Vamos falar hoje sobre o (pós) factum do maior evento de todos os tempos da última semana. Ou melhor, vamos falar de algo anexo a ele.

Sim, vamos falar do evento da cervejaria do herói espartano com seu elmo dilacerado. Mais especificamente do imbróglio que envolveu a importação e a não disponibilização das cervejarias americanas no evento.

Falar de embargo de “cervejarias gringas” ou “estrangeiras” seria impreciso, já que apenas as americanas não compareceram ao evento, ao passo que as argentinas marcaram presença, engarrafadas.

Inicialmente, cumpre destacar que o texto a seguir não trata do evento propriamente dito. Até porque eu não fui ao evento, não tenho como comentar sobre seus pontos altos ou baixos, ainda que por procuração. Ademais, isso já foi amplamente debatido e comentado nos mais diversos grupos de WhatsApp e nos perfis dos influencers que são doutores sem doutorado.

Então, o que me resta é comentar o que aconteceu antes do evento, que foi o embargo por parte do MAPA (Ministério da Agricultura e Pecuária) das cervejarias americanas que seriam servidas nas torneiras do evento. E que foi apenas minimamente mencionado pela cervejaria organizadora pouco tempo antes do evento ocorrer, sem nenhum pronunciamento posterior.

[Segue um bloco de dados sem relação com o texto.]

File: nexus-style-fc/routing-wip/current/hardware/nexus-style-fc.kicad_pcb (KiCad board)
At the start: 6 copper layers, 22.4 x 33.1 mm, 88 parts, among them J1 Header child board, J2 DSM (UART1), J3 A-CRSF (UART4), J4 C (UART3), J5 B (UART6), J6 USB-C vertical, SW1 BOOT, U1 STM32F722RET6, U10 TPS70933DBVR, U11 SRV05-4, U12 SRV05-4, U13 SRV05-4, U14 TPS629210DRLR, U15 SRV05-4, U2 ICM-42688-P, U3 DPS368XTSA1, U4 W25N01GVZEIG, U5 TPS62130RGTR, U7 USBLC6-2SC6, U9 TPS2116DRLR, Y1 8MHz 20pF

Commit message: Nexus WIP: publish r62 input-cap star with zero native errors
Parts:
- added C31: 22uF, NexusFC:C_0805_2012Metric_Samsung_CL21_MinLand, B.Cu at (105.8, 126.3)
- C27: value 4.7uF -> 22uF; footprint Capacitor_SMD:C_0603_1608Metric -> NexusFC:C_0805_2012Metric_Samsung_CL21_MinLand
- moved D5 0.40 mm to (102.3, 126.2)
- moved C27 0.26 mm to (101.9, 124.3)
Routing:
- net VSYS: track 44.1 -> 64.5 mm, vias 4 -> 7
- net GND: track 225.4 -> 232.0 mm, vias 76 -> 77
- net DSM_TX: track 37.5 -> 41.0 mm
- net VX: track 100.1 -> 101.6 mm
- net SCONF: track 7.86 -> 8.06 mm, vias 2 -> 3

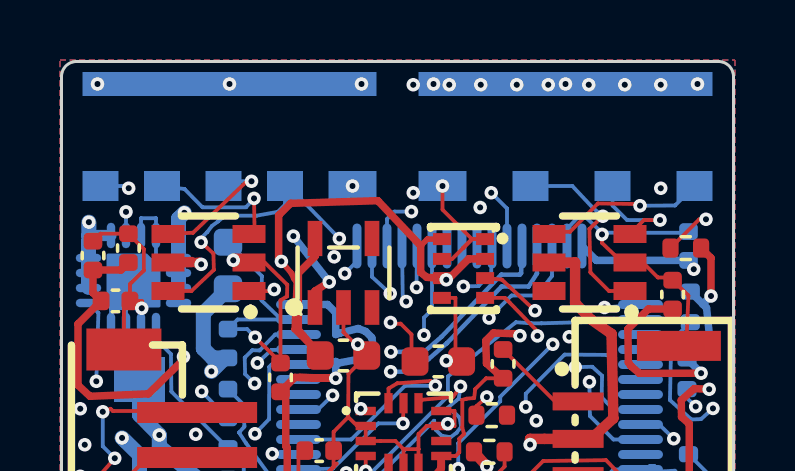
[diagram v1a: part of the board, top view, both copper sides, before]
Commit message: Nexus WIP: integrate zero-error header interface and restore signal returns
Keep current candidate atomic with matching main/child source, native evidence and WIP exports. Physical assembly, manufacturing process and electrical qualification remain open. No unrelated project changes.
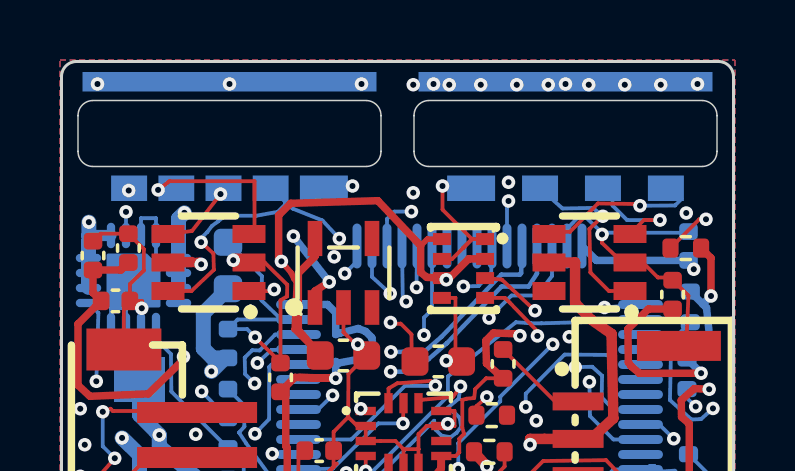
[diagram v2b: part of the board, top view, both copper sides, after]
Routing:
- net VX: track 101.6 -> 97.0 mm
- net RPM: track 20.5 -> 24.4 mm
- net TAIL: track 23.9 -> 25.0 mm
- net SBUS: track 20.6 -> 19.6 mm
- net ESC: track 23.4 -> 24.3 mm
- net S1: track 16.9 -> 16.3 mm
- net DSM_DATA: track 61.6 -> 62.2 mm

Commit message: Nexus WIP: source-consistent assembly markings and release-gate evidence
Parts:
- D1: footprint NexusFC:LED0603-RD_GREEN -> NexusFC:LED0603-RD_GREEN__NexusMain_D1
- D2: footprint NexusFC:LED0603-RD_RED -> NexusFC:LED0603-RD_RED__NexusMain_D2
- D3: footprint NexusFC:LED0603-RD_BLUE -> NexusFC:LED0603-RD_BLUE__NexusMain_D3
- J4: footprint NexusFC:CONN-SMD_4P-P1.25_BM04B-GHS-TBT-LF-SN -> NexusFC:CONN-SMD_4P-P1.25_BM04B-GHS-TBT-LF-SN__NexusMain_J4
- J6: footprint NexusFC:USB-C-SMD_TYPE-C-31-D-06 -> NexusFC:USB-C-SMD_TYPE-C-31-D-06__NexusMain_J6
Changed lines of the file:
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@@
 		)
 	)
-	(footprint "NexusFC:USB-C-SMD_TYPE-C-31-D-06"
+	(footprint "NexusFC:USB-C-SMD_TYPE-C-31-D-06__NexusMain_J6"
 		(layer "F.Cu")
 		(at 108.4 129.8)
@@
 		(fp_line
 			(start 4.5 -1.6)
+			(end 4.5 -0.925)
+			(stroke
+				(width 0.25)
+				(type solid)
+			)
+			(layer "F.SilkS")
+		)
+		(fp_line
+			(start 4.5 0.925)
 			(end 4.5 1.6)
 			(stroke
@@
 			)
 		)
-		(attr through_hole)
+		(attr smd)
 		(duplicate_pad_numbers_are_jumpers no)
 		(fp_line
@@
 		(embedded_fonts no)
 	)
-	(footprint "NexusFC:LED0603-RD_BLUE"
+	(footprint "NexusFC:LED0603-RD_BLUE__NexusMain_D3"
 		(layer "F.Cu")
 		(at 111.2 125.1)
@@
 		)
 		(fp_circle
-			(center -0.8 0.4)
-			(end -0.77 0.4)
+			(center -0.8 1.15)
+			(end -0.725 1.15)
 			(stroke
-				(width 0.06)
+				(width 0.15)
 				(type solid)
 			)
-			(fill no)
+			(fill yes)
 			(layer "F.SilkS")
 		)
@@
 		)
 	)
-	(footprint "NexusFC:LED0603-RD_RED"
+	(footprint "NexusFC:LED0603-RD_RED__NexusMain_D2"
 		(layer "F.Cu")
 		(at 114.4 125.1)
@@
 		)
 		(fp_circle
-			(center -0.8 0.4)
-			(end -0.77 0.4)
+			(center -0.8 1.15)
+			(end -0.725 1.15)
 			(stroke
-				(width 0.06)
+				(width 0.15)
 				(type solid)
 			)
-			(fill no)
+			(fill yes)
 			(layer "F.SilkS")
 		)
@@
 		)
 	)
-	(footprint "NexusFC:CONN-SMD_4P-P1.25_BM04B-GHS-TBT-LF-SN"
+	(footprint "NexusFC:CONN-SMD_4P-P1.25_BM04B-GHS-TBT-LF-SN__NexusMain_J4"
 		(layer "F.Cu")
 		(at 106 121)
@@
 		(fp_line
 			(start -4.57 -1.78)
-			(end -4.57 3.43)
+			(end -4.57 0.475)
 			(stroke
 				(width 0.25)
@@
 		)
 		(fp_line
+			(start -4.57 2.325)
+			(end -4.57 3.43)
+			(stroke
+				(width 0.25)
+				(type solid)
+			)
+			(layer "F.SilkS")
+		)
+		(fp_line
 			(start -4.57 3.43)
 			(end 4.57 3.43)
@@
 		)
 	)
-	(footprint "NexusFC:LED0603-RD_GREEN"
+	(footprint "NexusFC:LED0603-RD_GREEN__NexusMain_D1"
 		(layer "F.Cu")
 		(at 108 125.1)
@@
 		)
 		(fp_circle
-			(center -0.8 0.4)
-			(end -0.77 0.4)
+			(center -0.8 1.15)
+			(end -0.725 1.15)
 			(stroke
-				(width 0.06)
+				(width 0.15)
 				(type solid)
 			)
-			(fill no)
+			(fill yes)
 			(layer "F.SilkS")
 		)
@@
 			)
 		)
-		(attr through_hole)
+		(attr smd)
 		(duplicate_pad_numbers_are_jumpers no)
 		(fp_line
@@
 			)
 		)
-		(attr through_hole)
+		(attr smd)
 		(duplicate_pad_numbers_are_jumpers no)
 		(fp_line

Esse será o cerne do texto de hoje, o embargo e o imbróglio (jurídico) por ele gerado.

O embargo – o papel do MAPA

Para começar o debate propriamente, há de se falar que todos os comentários tecidos se baseiam nos autos do processo nº 5081448-32.2023.4.02.5101, da Justiça Federal do Rio de Janeiro. Ademais, gostaria de tentar dar uma ênfase menos (ou, pouco) jurídica para o texto, para que uma maior parcela dos leitores seja capaz de compreender o que houve. Isto é, vamos apertar a tecla SAP.

Assim, o processo mencionado se trata de um mandado de segurança impetrado pela cervejaria organizadora do evento épico com o intuito de liberar as cervejas embargadas pela autoridade coatora (responsável pelo desembaraço, qual seja o MAPA). O papel do MAPA na vinda das cervejas para o Brasil é atestar as condições fitossanitárias da importação, dentre outras coisas (de acordo com a Licença de Importação na Instrução Normativa nº 67, de 05/11/2018).

Contudo, não é algo fácil de se fazer. Para importar as cervejas americanas, da maneira correta, segue-se uma miríade de protocolos e uma burocracia singular, não por menos, são os atos e requisitos obrigatórios para um evento desse porte.

A razão propriamente dita do embargo não foi por nenhuma barreira sanitária ou qualquer problema com o produto em si, e, sim, com a modalidade de importação escolhida pela cervejaria organizadora: um evento não-comercial, uma degustação cervejeira sem fins lucrativos.

Por mais que o contra-argumento da parte impetrante seja razoável, já que, de fato, não cabe, prioritariamente, ao MAPA definir se um evento é ou não feito com fins comerciais, denota-se que a premissa de que se estava “visando fomentar a cerveja artesanal no país” é genérica e pouco contundente.

Definitivamente, o MAPA cumpriu de forma escorreita o seu papel, mais uma vez, parabéns ao serviço público brasileiro.

Os fins (não) comerciais: ou da inexistência da filantropia cervejeira

Assim, chegamos ao ponto fulcral de toda a discussão encetada entre o MAPA e a cervejaria organizadora. Como é possível se aferir que um evento cervejeiro não tem fins comerciais, mas são vendidos ingressos? Aliás, eram vendidos e não eram baratos.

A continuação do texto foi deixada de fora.